Records from a collection
───

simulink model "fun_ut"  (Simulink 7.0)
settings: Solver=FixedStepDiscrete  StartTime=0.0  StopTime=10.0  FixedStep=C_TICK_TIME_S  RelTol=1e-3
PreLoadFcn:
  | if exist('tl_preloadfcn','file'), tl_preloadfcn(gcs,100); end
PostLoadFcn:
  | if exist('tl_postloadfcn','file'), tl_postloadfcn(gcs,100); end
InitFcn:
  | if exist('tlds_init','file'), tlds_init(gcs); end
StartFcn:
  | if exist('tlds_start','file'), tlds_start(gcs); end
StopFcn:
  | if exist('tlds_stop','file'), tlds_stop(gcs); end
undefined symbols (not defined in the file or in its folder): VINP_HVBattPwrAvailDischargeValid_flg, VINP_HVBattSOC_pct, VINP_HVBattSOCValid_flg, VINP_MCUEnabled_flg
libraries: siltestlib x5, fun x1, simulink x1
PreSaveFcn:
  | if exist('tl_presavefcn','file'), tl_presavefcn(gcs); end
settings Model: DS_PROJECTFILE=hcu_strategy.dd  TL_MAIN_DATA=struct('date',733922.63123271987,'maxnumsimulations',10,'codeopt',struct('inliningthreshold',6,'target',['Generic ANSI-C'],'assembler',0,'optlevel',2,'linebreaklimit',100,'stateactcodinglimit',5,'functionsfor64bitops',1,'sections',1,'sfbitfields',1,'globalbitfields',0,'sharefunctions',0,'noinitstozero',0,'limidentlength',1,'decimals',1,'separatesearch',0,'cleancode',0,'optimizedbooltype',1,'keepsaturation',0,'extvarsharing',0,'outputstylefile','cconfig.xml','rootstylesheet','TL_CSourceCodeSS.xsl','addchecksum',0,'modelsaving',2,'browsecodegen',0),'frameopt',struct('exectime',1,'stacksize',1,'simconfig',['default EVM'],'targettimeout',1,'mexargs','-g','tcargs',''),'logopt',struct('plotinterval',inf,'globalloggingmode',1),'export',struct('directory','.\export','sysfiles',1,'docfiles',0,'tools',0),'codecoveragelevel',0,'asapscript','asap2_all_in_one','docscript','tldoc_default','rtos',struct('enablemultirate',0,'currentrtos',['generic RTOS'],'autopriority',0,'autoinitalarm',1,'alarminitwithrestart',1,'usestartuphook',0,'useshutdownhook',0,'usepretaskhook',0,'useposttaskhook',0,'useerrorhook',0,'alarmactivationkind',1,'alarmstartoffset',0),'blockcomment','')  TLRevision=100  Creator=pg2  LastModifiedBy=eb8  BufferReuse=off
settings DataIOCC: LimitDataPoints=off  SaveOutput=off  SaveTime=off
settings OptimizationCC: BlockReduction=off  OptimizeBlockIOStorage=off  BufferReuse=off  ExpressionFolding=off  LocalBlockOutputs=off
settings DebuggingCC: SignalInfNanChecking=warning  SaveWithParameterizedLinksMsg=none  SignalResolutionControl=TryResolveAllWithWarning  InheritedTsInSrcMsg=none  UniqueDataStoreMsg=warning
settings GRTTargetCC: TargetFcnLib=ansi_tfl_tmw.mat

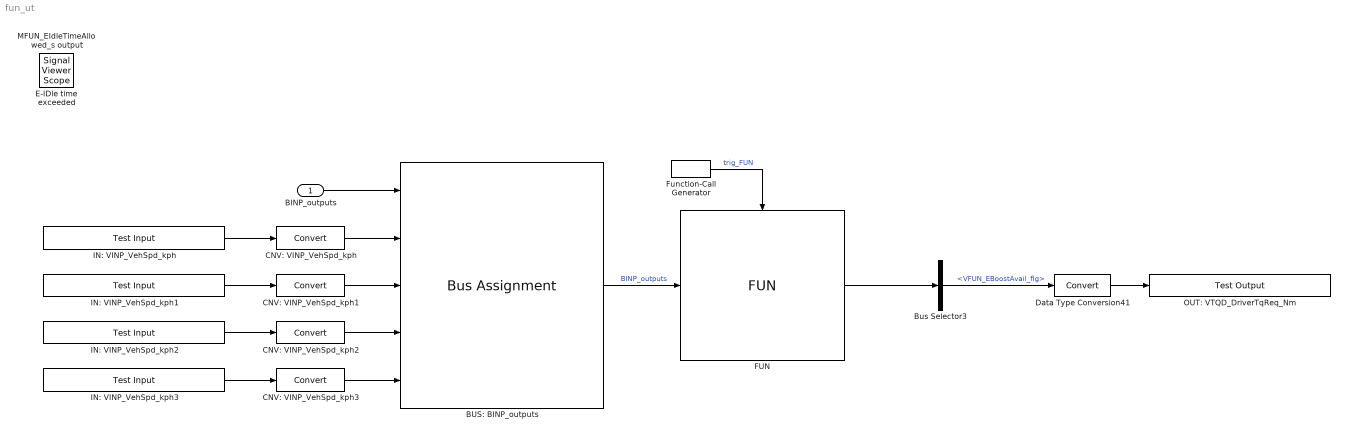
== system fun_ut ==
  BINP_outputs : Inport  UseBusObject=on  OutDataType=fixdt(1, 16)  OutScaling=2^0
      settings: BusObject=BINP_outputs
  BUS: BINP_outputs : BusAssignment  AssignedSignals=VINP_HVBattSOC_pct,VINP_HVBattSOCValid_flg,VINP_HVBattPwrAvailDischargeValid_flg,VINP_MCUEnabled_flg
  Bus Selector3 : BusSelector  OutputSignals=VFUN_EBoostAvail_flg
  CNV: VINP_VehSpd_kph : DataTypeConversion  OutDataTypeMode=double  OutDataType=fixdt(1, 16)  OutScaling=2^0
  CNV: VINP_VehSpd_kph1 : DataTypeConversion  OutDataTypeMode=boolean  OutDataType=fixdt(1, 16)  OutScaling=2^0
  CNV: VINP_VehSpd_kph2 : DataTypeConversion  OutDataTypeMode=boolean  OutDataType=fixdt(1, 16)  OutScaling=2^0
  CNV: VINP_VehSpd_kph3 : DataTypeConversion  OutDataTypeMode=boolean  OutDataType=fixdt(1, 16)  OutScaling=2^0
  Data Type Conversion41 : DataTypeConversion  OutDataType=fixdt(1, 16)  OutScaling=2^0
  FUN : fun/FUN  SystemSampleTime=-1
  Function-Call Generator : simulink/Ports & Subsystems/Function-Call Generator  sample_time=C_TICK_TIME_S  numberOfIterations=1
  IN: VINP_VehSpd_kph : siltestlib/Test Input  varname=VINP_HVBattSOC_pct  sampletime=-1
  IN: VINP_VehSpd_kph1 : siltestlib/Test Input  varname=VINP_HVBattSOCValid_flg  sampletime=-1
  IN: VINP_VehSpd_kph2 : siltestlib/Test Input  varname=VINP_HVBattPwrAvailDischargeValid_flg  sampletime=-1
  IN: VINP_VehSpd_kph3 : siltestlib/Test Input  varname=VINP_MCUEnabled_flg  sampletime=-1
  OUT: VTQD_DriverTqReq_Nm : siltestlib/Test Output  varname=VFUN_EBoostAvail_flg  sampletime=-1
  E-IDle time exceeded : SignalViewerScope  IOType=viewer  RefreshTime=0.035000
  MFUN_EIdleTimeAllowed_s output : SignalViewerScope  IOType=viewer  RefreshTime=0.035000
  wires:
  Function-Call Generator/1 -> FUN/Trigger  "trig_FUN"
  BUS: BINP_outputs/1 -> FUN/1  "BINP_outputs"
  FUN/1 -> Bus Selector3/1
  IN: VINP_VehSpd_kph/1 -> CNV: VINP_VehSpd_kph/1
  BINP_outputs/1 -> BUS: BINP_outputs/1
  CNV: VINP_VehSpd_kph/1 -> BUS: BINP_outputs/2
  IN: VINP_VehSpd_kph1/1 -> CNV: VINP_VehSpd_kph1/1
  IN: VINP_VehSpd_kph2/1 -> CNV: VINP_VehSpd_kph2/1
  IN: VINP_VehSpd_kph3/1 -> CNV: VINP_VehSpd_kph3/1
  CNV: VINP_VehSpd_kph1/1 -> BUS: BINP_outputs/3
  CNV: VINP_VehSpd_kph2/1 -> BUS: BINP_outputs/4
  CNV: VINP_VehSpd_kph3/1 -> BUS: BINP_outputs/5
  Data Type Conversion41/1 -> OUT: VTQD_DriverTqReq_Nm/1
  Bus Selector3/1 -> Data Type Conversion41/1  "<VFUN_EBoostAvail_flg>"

───

Filter the data for the string "Call". Copy each matching line.

■ RESPONSE TO THE EXERCISE:
  Function-Call Generator : simulink/Ports & Subsystems/Function-Call Generator  sample_time=C_TICK_TIME_S  numberOfIterations=1
  Function-Call Generator/1 -> FUN/Trigger  "trig_FUN"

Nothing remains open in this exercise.